*Work request:*
In the entries that follow, the line with "from mathutils import" opens the range and the line with "world_world = bpy.data.worlds.new('World');" closes it; repeat that range exactly, both lines included.

Source records

--------------------------------

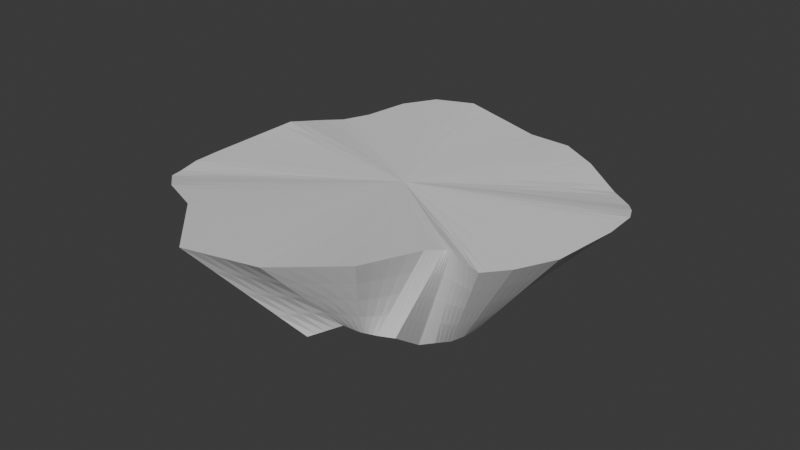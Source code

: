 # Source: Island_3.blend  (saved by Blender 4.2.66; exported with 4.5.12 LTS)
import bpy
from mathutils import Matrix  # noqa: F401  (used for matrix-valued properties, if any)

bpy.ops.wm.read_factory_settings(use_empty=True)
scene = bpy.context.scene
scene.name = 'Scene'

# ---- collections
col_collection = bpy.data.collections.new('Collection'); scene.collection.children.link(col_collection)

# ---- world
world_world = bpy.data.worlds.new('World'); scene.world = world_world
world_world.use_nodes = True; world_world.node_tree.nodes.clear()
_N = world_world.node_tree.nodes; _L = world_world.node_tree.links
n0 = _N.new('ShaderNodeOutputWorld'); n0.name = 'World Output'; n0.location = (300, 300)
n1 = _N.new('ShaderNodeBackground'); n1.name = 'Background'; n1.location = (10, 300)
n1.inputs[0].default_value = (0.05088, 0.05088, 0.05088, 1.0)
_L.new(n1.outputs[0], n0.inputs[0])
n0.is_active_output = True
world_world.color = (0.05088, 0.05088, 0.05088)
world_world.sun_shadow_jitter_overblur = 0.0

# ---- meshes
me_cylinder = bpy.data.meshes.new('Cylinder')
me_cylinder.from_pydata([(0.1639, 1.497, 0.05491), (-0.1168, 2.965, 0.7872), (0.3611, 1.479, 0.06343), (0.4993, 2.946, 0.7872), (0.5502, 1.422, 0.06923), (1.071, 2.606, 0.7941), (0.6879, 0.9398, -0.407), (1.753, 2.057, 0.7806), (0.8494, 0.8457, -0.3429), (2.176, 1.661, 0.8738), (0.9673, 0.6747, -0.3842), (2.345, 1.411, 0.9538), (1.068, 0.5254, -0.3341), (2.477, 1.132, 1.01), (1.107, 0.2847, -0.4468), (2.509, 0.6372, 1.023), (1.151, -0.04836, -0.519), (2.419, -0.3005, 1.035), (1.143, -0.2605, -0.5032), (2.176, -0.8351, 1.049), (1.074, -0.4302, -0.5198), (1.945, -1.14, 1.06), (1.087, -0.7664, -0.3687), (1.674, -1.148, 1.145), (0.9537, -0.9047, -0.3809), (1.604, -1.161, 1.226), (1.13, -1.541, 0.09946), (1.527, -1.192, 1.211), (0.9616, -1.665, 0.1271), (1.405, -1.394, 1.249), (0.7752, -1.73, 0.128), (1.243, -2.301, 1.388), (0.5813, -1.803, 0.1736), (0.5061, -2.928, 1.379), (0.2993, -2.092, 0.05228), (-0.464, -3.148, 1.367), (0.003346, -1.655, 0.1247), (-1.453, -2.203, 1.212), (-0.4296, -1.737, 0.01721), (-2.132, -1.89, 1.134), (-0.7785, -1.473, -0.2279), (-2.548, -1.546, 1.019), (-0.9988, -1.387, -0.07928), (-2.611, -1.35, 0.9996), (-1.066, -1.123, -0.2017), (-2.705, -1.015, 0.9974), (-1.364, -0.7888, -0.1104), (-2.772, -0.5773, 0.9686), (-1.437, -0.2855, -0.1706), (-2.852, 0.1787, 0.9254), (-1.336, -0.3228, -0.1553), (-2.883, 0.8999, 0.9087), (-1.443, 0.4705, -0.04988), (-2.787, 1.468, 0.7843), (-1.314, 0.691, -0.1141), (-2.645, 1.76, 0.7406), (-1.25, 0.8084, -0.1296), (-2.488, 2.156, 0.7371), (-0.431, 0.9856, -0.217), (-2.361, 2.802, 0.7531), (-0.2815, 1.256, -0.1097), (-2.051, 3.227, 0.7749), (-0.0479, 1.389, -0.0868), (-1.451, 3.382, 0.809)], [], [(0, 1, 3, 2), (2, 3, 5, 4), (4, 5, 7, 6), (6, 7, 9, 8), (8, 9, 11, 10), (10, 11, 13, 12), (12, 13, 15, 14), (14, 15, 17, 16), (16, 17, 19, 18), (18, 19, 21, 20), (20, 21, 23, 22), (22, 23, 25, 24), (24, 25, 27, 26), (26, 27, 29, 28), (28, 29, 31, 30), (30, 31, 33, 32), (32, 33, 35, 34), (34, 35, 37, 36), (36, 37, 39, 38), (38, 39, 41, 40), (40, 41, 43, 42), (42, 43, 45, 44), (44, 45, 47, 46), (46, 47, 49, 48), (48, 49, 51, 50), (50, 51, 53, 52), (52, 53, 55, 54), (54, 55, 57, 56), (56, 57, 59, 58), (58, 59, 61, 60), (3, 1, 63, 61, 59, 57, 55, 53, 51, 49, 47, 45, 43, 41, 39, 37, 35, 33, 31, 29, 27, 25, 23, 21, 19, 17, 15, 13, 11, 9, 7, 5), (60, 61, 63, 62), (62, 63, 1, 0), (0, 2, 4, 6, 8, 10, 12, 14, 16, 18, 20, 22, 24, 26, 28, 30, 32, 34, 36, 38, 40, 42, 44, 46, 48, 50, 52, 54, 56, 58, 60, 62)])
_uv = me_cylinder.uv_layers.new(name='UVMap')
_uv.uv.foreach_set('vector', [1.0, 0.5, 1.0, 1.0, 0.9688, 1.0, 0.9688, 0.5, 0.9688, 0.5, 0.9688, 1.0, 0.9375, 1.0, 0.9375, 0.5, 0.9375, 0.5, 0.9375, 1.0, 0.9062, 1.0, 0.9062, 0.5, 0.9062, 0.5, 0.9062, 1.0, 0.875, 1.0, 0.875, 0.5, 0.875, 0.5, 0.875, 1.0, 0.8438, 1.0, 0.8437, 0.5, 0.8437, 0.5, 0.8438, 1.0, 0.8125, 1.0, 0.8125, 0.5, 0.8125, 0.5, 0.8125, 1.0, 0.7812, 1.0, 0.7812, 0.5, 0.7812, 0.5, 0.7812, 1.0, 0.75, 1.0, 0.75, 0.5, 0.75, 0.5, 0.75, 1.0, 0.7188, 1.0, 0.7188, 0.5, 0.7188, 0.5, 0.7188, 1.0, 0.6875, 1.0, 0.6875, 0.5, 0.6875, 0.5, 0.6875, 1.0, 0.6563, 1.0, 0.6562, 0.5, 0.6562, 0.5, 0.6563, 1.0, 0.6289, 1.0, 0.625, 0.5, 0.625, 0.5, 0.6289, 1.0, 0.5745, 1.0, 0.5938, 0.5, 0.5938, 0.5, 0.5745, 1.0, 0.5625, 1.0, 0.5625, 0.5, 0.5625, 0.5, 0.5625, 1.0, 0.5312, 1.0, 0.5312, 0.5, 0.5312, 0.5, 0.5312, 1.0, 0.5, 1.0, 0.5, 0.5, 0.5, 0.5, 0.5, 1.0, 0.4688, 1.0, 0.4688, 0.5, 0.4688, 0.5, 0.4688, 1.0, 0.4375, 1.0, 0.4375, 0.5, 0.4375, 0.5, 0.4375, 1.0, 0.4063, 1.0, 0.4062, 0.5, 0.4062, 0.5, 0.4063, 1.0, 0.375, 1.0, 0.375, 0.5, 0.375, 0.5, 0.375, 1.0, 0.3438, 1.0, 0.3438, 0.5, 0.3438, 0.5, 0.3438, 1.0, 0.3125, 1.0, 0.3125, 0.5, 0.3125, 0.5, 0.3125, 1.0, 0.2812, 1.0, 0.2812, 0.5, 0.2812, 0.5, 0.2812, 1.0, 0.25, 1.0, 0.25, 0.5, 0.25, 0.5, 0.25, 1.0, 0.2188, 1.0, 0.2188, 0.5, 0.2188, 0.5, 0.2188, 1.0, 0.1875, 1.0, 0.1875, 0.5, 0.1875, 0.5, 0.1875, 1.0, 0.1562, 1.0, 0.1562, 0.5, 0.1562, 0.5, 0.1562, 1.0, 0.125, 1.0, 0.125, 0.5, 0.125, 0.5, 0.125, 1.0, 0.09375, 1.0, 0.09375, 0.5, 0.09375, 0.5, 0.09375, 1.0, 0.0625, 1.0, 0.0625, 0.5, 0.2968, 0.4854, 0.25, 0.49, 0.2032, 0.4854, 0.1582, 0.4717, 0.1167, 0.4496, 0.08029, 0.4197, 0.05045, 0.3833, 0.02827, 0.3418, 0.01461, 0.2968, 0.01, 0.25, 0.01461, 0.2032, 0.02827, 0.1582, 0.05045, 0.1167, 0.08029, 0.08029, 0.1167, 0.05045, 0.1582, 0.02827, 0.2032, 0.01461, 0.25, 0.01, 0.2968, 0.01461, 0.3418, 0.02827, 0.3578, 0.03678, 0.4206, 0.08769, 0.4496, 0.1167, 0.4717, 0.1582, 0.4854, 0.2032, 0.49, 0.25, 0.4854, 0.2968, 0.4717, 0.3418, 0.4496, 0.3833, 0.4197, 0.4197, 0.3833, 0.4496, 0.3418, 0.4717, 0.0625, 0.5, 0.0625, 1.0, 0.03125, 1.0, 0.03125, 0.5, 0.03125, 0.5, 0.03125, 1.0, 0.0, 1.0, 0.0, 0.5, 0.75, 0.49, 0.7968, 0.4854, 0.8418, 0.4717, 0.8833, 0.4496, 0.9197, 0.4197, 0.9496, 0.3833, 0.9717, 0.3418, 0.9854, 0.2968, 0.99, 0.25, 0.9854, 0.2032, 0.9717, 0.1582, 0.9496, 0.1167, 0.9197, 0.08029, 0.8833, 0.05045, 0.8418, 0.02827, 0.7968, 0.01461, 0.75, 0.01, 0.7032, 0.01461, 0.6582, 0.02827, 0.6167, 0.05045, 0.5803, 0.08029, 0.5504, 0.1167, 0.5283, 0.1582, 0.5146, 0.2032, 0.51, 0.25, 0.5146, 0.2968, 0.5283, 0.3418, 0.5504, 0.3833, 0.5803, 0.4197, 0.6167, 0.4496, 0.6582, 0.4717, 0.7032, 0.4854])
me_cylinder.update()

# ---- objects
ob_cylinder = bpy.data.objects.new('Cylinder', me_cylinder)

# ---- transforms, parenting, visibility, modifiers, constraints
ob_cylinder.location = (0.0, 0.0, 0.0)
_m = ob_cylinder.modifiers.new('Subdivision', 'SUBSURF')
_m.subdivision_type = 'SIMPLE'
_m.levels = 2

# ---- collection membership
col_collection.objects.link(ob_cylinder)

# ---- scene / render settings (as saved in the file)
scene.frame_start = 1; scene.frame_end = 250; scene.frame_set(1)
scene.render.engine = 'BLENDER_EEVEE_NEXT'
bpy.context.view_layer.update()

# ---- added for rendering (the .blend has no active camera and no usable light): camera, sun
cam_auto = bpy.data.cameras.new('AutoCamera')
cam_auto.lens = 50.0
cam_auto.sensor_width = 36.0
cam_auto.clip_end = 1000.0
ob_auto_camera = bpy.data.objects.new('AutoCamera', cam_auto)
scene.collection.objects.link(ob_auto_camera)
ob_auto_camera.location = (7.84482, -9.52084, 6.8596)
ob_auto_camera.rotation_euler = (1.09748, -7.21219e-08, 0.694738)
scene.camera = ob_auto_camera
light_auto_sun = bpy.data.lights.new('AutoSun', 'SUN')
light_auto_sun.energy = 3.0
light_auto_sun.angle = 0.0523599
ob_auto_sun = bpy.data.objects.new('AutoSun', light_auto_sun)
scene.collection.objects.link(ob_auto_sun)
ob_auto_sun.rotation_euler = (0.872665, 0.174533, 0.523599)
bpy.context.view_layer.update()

--------------------------------

*Answer section:*
from mathutils import Matrix  # noqa: F401  (used for matrix-valued properties, if any)

bpy.ops.wm.read_factory_settings(use_empty=True)
scene = bpy.context.scene
scene.name = 'Scene'

# ---- collections
col_collection = bpy.data.collections.new('Collection'); scene.collection.children.link(col_collection)

# ---- world
world_world = bpy.data.worlds.new('World'); scene.world = world_world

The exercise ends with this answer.